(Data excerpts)
---

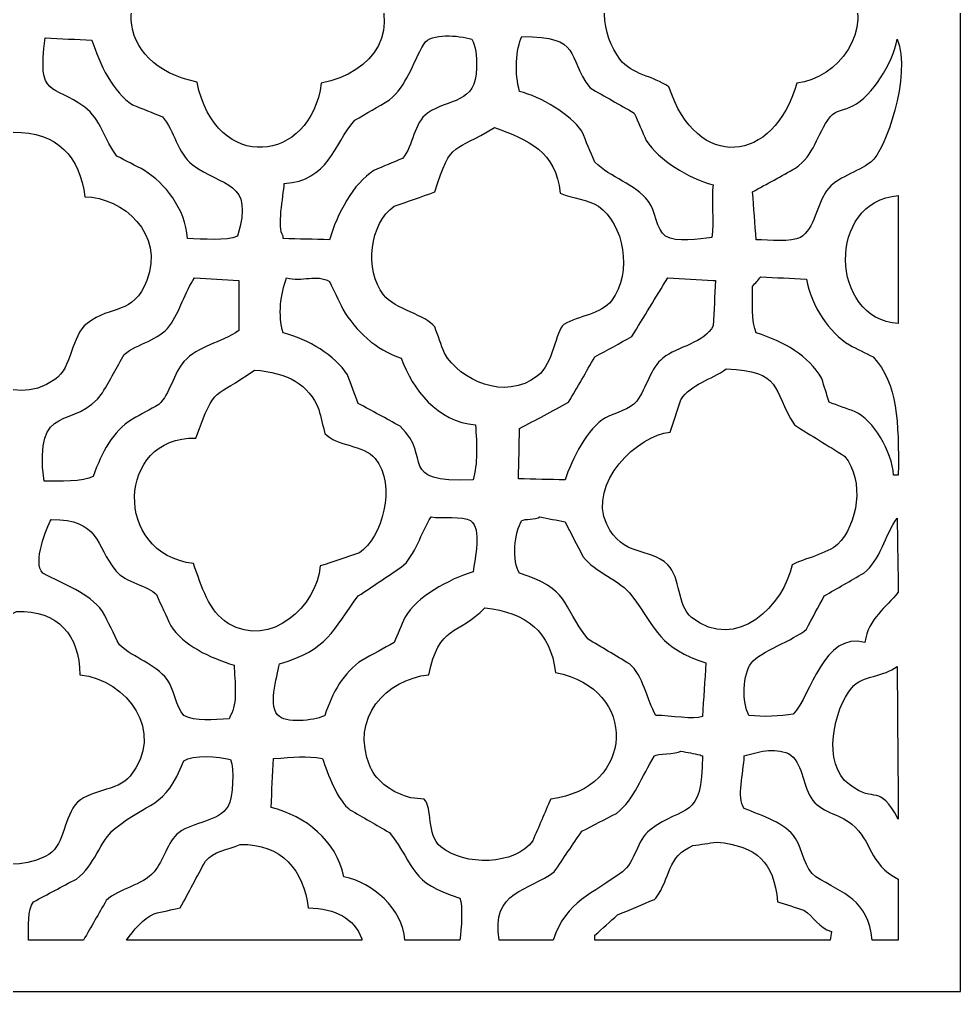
# Model space of a CAD drawing. Header units: centimetres. Extents: x -27.5 to -1.9, y -9.6 to -4.5.
# Drawn here: x -18.742 to -16.312, y -9.553 to -7.043 of the extents above; entities that cross this region are included whole.
import ezdxf

# ---------------------------------------------------------------- set-up
doc = ezdxf.new("R2010")
doc.units = ezdxf.units.CM
doc.header["$MEASUREMENT"] = 0
doc.layers.add('layer 1', color=7, linetype='Continuous')

msp = doc.modelspace()

# ---------------------------------------------------------------- linework, layer by layer
at = {"layer": 'layer 1', "color": 250}
for points, knots in [([(-27.47273, -4.52768), (-27.47273, -4.52768), (-16.31214, -4.52768), (-16.31214, -4.52768), (-16.31214, -4.52768), (-16.31214, -4.52768), (-16.31214, -9.55272), (-16.31214, -9.55272), (-16.31214, -9.55272), (-16.31214, -9.55272), (-27.47273, -9.55272), (-27.47273, -9.55272), (-27.47273, -9.55272), (-27.47273, -9.55272), (-27.47273, -4.52768), (-27.47273, -4.52768)], [0, 0, 0, 0, 0.2, 0.2, 0.2, 0.2, 0.4, 0.4, 0.4, 0.4, 0.6, 0.6, 0.6, 0.6, 1, 1, 1, 1]), ([(-18.1355, -6.702), (-18.17813, -6.73692), (-18.23997, -6.74179), (-18.26814, -6.79146), (-18.26814, -6.79146), (-18.27637, -6.81819), (-18.28459, -6.84493), (-18.29282, -6.87166), (-18.29282, -6.87166), (-18.51711, -6.93201), (-18.49951, -7.16306), (-18.28357, -7.20481), (-18.28357, -7.20481), (-18.2355, -7.44323), (-17.9889, -7.41456), (-17.96275, -7.2079), (-17.96275, -7.2079), (-17.82715, -7.18302), (-17.74555, -7.06382), (-17.84245, -6.93644), (-17.84245, -6.93644), (-17.87112, -6.89876), (-17.94648, -6.88849), (-17.96275, -6.86858), (-17.96275, -6.86858), (-18.0406, -6.77329), (-17.98593, -6.74928), (-18.1355, -6.702)], [0, 0, 0, 0, 0.125, 0.125, 0.125, 0.125, 0.25, 0.25, 0.25, 0.25, 0.375, 0.375, 0.375, 0.375, 0.5, 0.5, 0.5, 0.5, 0.625, 0.625, 0.625, 0.625, 0.75, 0.75, 0.75, 0.75, 1, 1, 1, 1]), ([(-16.93553, -6.70509), (-16.96724, -6.73515), (-17.01756, -6.74313), (-17.0435, -6.77912), (-17.0435, -6.77912), (-17.0642, -6.80784), (-17.05761, -6.85747), (-17.08669, -6.87783), (-17.08669, -6.87783), (-17.11856, -6.89326), (-17.15044, -6.90868), (-17.18231, -6.9241), (-17.18231, -6.9241), (-17.25367, -6.97212), (-17.23862, -7.08418), (-17.19157, -7.1462), (-17.19157, -7.1462), (-17.1612, -7.18624), (-17.10703, -7.18848), (-17.06509, -7.21715), (-17.06509, -7.21715), (-16.99348, -7.43789), (-16.79342, -7.41606), (-16.73503, -7.2079), (-16.73503, -7.2079), (-16.62815, -7.19501), (-16.53349, -7.07407), (-16.5993, -6.95495), (-16.5993, -6.95495), (-16.63201, -6.89574), (-16.67782, -6.89846), (-16.74119, -6.86858), (-16.74119, -6.86858), (-16.76609, -6.77476), (-16.81706, -6.7082), (-16.93553, -6.70509)], [0, 0, 0, 0, 0.1, 0.1, 0.1, 0.1, 0.2, 0.2, 0.2, 0.2, 0.3, 0.3, 0.3, 0.3, 0.4, 0.4, 0.4, 0.4, 0.5, 0.5, 0.5, 0.5, 0.6, 0.6, 0.6, 0.6, 0.7, 0.7, 0.7, 0.7, 0.8, 0.8, 0.8, 0.8, 1, 1, 1, 1]), ([(-18.30824, -7.60892), (-18.26906, -7.60976), (-18.20708, -7.61597), (-18.17868, -7.60275), (-18.17868, -7.60275), (-18.13511, -7.45705), (-18.21775, -7.47772), (-18.2959, -7.41766), (-18.2959, -7.41766), (-18.33426, -7.38819), (-18.34154, -7.33074), (-18.37302, -7.29427), (-18.37302, -7.29427), (-18.39873, -7.28399), (-18.42444, -7.27371), (-18.45014, -7.26342), (-18.45014, -7.26342), (-18.50004, -7.23123), (-18.53546, -7.15856), (-18.55502, -7.09685), (-18.55502, -7.09685), (-18.59512, -7.09479), (-18.63523, -7.09274), (-18.67533, -7.09068), (-18.67533, -7.09068), (-18.69732, -7.24879), (-18.65687, -7.20882), (-18.57353, -7.26959), (-18.57353, -7.26959), (-18.53188, -7.29996), (-18.52236, -7.35583), (-18.49024, -7.39607), (-18.49024, -7.39607), (-18.4666, -7.40841), (-18.44294, -7.42075), (-18.41929, -7.43308), (-18.41929, -7.43308), (-18.36772, -7.46649), (-18.31311, -7.53008), (-18.30824, -7.60892)], [0, 0, 0, 0, 0.0909091, 0.0909091, 0.0909091, 0.0909091, 0.1818182, 0.1818182, 0.1818182, 0.1818182, 0.2727273, 0.2727273, 0.2727273, 0.2727273, 0.3636364, 0.3636364, 0.3636364, 0.3636364, 0.4545455, 0.4545455, 0.4545455, 0.4545455, 0.5454545, 0.5454545, 0.5454545, 0.5454545, 0.6363636, 0.6363636, 0.6363636, 0.6363636, 0.7272727, 0.7272727, 0.7272727, 0.7272727, 0.8181818, 0.8181818, 0.8181818, 0.8181818, 1, 1, 1, 1]), ([(-18.05838, -7.46702), (-18.06061, -7.50143), (-18.07747, -7.57967), (-18.06146, -7.60275), (-18.06146, -7.60275), (-18.06146, -7.6048), (-18.06146, -7.60686), (-18.06146, -7.60892), (-18.06146, -7.60892), (-18.02137, -7.60994), (-17.98126, -7.61097), (-17.94116, -7.612), (-17.94116, -7.612), (-17.92266, -7.54599), (-17.87974, -7.46585), (-17.82702, -7.43308), (-17.82702, -7.43308), (-17.80235, -7.4228), (-17.77766, -7.41252), (-17.75299, -7.40224), (-17.75299, -7.40224), (-17.72473, -7.36879), (-17.72443, -7.31028), (-17.68821, -7.28502), (-17.68821, -7.28502), (-17.63389, -7.24714), (-17.56232, -7.26222), (-17.56174, -7.1678), (-17.56174, -7.1678), (-17.56153, -7.13538), (-17.56352, -7.11297), (-17.57407, -7.09376), (-17.57407, -7.09376), (-17.60898, -7.08447), (-17.67893, -7.07741), (-17.69746, -7.1061), (-17.69746, -7.1061), (-17.72839, -7.15852), (-17.74103, -7.21467), (-17.78692, -7.25109), (-17.78692, -7.25109), (-17.81674, -7.26856), (-17.84656, -7.28605), (-17.87638, -7.30353), (-17.87638, -7.30353), (-17.93233, -7.36941), (-17.94372, -7.45878), (-18.05838, -7.46702)], [0, 0, 0, 0, 0.0769231, 0.0769231, 0.0769231, 0.0769231, 0.1538462, 0.1538462, 0.1538462, 0.1538462, 0.2307692, 0.2307692, 0.2307692, 0.2307692, 0.3076923, 0.3076923, 0.3076923, 0.3076923, 0.3846154, 0.3846154, 0.3846154, 0.3846154, 0.4615385, 0.4615385, 0.4615385, 0.4615385, 0.5384615, 0.5384615, 0.5384615, 0.5384615, 0.6153846, 0.6153846, 0.6153846, 0.6153846, 0.6923077, 0.6923077, 0.6923077, 0.6923077, 0.7692308, 0.7692308, 0.7692308, 0.7692308, 0.8461538, 0.8461538, 0.8461538, 0.8461538, 1, 1, 1, 1]), ([(-17.44452, -7.0876), (-17.46061, -7.11815), (-17.46379, -7.18382), (-17.45069, -7.22949), (-17.45069, -7.22949), (-17.39778, -7.24186), (-17.31692, -7.29034), (-17.29028, -7.33129), (-17.29028, -7.33129), (-17.27897, -7.35802), (-17.26766, -7.38476), (-17.25635, -7.41149), (-17.25635, -7.41149), (-17.21608, -7.45194), (-17.15261, -7.46746), (-17.11753, -7.51329), (-17.11753, -7.51329), (-17.1009, -7.53502), (-17.09648, -7.58685), (-17.07435, -7.60275), (-17.07435, -7.60275), (-17.04526, -7.6196), (-16.98784, -7.61036), (-16.95404, -7.60583), (-16.95404, -7.60583), (-16.94869, -7.56764), (-16.95569, -7.50179), (-16.95096, -7.4701), (-16.95096, -7.4701), (-17.01701, -7.45219), (-17.08993, -7.40715), (-17.1237, -7.35597), (-17.1237, -7.35597), (-17.13398, -7.33232), (-17.14427, -7.30866), (-17.15455, -7.28502), (-17.15455, -7.28502), (-17.19259, -7.26343), (-17.23064, -7.24183), (-17.26869, -7.22024), (-17.26869, -7.22024), (-17.33213, -7.13687), (-17.28651, -7.0874), (-17.44452, -7.0876)], [0, 0, 0, 0, 0.0833333, 0.0833333, 0.0833333, 0.0833333, 0.1666667, 0.1666667, 0.1666667, 0.1666667, 0.25, 0.25, 0.25, 0.25, 0.3333333, 0.3333333, 0.3333333, 0.3333333, 0.4166667, 0.4166667, 0.4166667, 0.4166667, 0.5, 0.5, 0.5, 0.5, 0.5833333, 0.5833333, 0.5833333, 0.5833333, 0.6666667, 0.6666667, 0.6666667, 0.6666667, 0.75, 0.75, 0.75, 0.75, 0.8333333, 0.8333333, 0.8333333, 0.8333333, 1, 1, 1, 1]), ([(-16.83991, -7.612), (-16.80547, -7.61242), (-16.74979, -7.61926), (-16.72577, -7.60583), (-16.72577, -7.60583), (-16.68917, -7.58537), (-16.68251, -7.51919), (-16.65791, -7.48553), (-16.65791, -7.48553), (-16.6316, -7.44954), (-16.57958, -7.43839), (-16.54377, -7.41149), (-16.54377, -7.41149), (-16.5066, -7.38357), (-16.43819, -7.18763), (-16.47591, -7.09376), (-16.47591, -7.09376), (-16.48751, -7.15827), (-16.53982, -7.2397), (-16.59004, -7.26651), (-16.59004, -7.26651), (-16.61021, -7.27727), (-16.6356, -7.27705), (-16.64865, -7.29427), (-16.64865, -7.29427), (-16.68414, -7.34111), (-16.68903, -7.3937), (-16.73811, -7.42692), (-16.73811, -7.42692), (-16.77512, -7.44748), (-16.81215, -7.46805), (-16.84916, -7.48861), (-16.84916, -7.48861), (-16.84608, -7.52974), (-16.84299, -7.57087), (-16.83991, -7.612)], [0, 0, 0, 0, 0.1, 0.1, 0.1, 0.1, 0.2, 0.2, 0.2, 0.2, 0.3, 0.3, 0.3, 0.3, 0.4, 0.4, 0.4, 0.4, 0.5, 0.5, 0.5, 0.5, 0.6, 0.6, 0.6, 0.6, 0.7, 0.7, 0.7, 0.7, 0.8, 0.8, 0.8, 0.8, 1, 1, 1, 1]), ([(-17.51546, -7.32203), (-17.62118, -7.38971), (-17.62566, -7.34875), (-17.6697, -7.48861), (-17.6697, -7.48861), (-17.70466, -7.50095), (-17.73963, -7.51329), (-17.77458, -7.52563), (-17.77458, -7.52563), (-17.83734, -7.56843), (-17.85207, -7.69001), (-17.80235, -7.7539), (-17.80235, -7.7539), (-17.77215, -7.7927), (-17.69223, -7.80546), (-17.6697, -7.83719), (-17.6697, -7.83719), (-17.66148, -7.8598), (-17.65325, -7.88243), (-17.64502, -7.90505), (-17.64502, -7.90505), (-17.60402, -7.97427), (-17.48949, -8.02909), (-17.40441, -7.96366), (-17.40441, -7.96366), (-17.36234, -7.9313), (-17.35815, -7.8476), (-17.33655, -7.83102), (-17.33655, -7.83102), (-17.29797, -7.8076), (-17.23998, -7.80445), (-17.21316, -7.76932), (-17.21316, -7.76932), (-17.15753, -7.69646), (-17.18219, -7.57022), (-17.24709, -7.52563), (-17.24709, -7.52563), (-17.27409, -7.50708), (-17.31365, -7.50653), (-17.3458, -7.4917), (-17.3458, -7.4917), (-17.35625, -7.38274), (-17.42862, -7.35528), (-17.51546, -7.32203)], [0, 0, 0, 0, 0.0833333, 0.0833333, 0.0833333, 0.0833333, 0.1666667, 0.1666667, 0.1666667, 0.1666667, 0.25, 0.25, 0.25, 0.25, 0.3333333, 0.3333333, 0.3333333, 0.3333333, 0.4166667, 0.4166667, 0.4166667, 0.4166667, 0.5, 0.5, 0.5, 0.5, 0.5833333, 0.5833333, 0.5833333, 0.5833333, 0.6666667, 0.6666667, 0.6666667, 0.6666667, 0.75, 0.75, 0.75, 0.75, 0.8333333, 0.8333333, 0.8333333, 0.8333333, 1, 1, 1, 1]), ([(-18.75862, -7.33437), (-18.83008, -7.3647), (-18.865, -7.37134), (-18.89126, -7.44542), (-18.89126, -7.44542), (-18.89743, -7.46282), (-18.89266, -7.48308), (-18.9036, -7.49478), (-18.9036, -7.49478), (-18.9437, -7.52358), (-19.01085, -7.52556), (-19.03933, -7.56573), (-19.03933, -7.56573), (-19.13152, -7.69576), (-19.01451, -7.80732), (-18.89743, -7.82793), (-18.89743, -7.82793), (-18.8918, -7.94886), (-18.76628, -8.05336), (-18.65065, -7.97291), (-18.65065, -7.97291), (-18.60507, -7.94121), (-18.60903, -7.86015), (-18.56736, -7.82793), (-18.56736, -7.82793), (-18.50364, -7.77866), (-18.44817, -7.8079), (-18.41312, -7.71688), (-18.41312, -7.71688), (-18.3671, -7.59735), (-18.474, -7.50242), (-18.57353, -7.50095), (-18.57353, -7.50095), (-18.58514, -7.39935), (-18.64402, -7.33287), (-18.75862, -7.33437)], [0, 0, 0, 0, 0.1, 0.1, 0.1, 0.1, 0.2, 0.2, 0.2, 0.2, 0.3, 0.3, 0.3, 0.3, 0.4, 0.4, 0.4, 0.4, 0.5, 0.5, 0.5, 0.5, 0.6, 0.6, 0.6, 0.6, 0.7, 0.7, 0.7, 0.7, 0.8, 0.8, 0.8, 0.8, 1, 1, 1, 1]), ([(-16.47282, -7.82793), (-16.47282, -7.71792), (-16.47282, -7.60788), (-16.47282, -7.49786), (-16.47282, -7.49786), (-16.6581, -7.51099), (-16.65053, -7.81794), (-16.47282, -7.82793)], [0, 0, 0, 0, 0.3333333, 0.3333333, 0.3333333, 0.3333333, 1, 1, 1, 1]), ([(-18.05221, -7.71071), (-18.06822, -7.75139), (-18.0746, -7.8061), (-18.06146, -7.85261), (-18.06146, -7.85261), (-17.99426, -7.87001), (-17.92884, -7.90946), (-17.89489, -7.96057), (-17.89489, -7.96057), (-17.88563, -7.98525), (-17.87638, -8.00993), (-17.86713, -8.03461), (-17.86713, -8.03461), (-17.83114, -8.05414), (-17.79514, -8.07368), (-17.75916, -8.09322), (-17.75916, -8.09322), (-17.67191, -8.1759), (-17.77263, -8.23902), (-17.57099, -8.23203), (-17.57099, -8.23203), (-17.55853, -8.18986), (-17.56096, -8.14), (-17.56482, -8.09013), (-17.56482, -8.09013), (-17.66381, -8.08075), (-17.72676, -7.9996), (-17.75607, -7.91739), (-17.75607, -7.91739), (-17.82384, -7.89599), (-17.87391, -7.84678), (-17.90723, -7.79091), (-17.90723, -7.79091), (-17.91854, -7.76727), (-17.92985, -7.74361), (-17.94116, -7.71997), (-17.94116, -7.71997), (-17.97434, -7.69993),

---

Exercise objective —
Return all lines above that mention the word "units".

Solved problem —
# Model space of a CAD drawing. Header units: centimetres. Extents: x -27.5 to -1.9, y -9.6 to -4.5.
doc.units = ezdxf.units.CM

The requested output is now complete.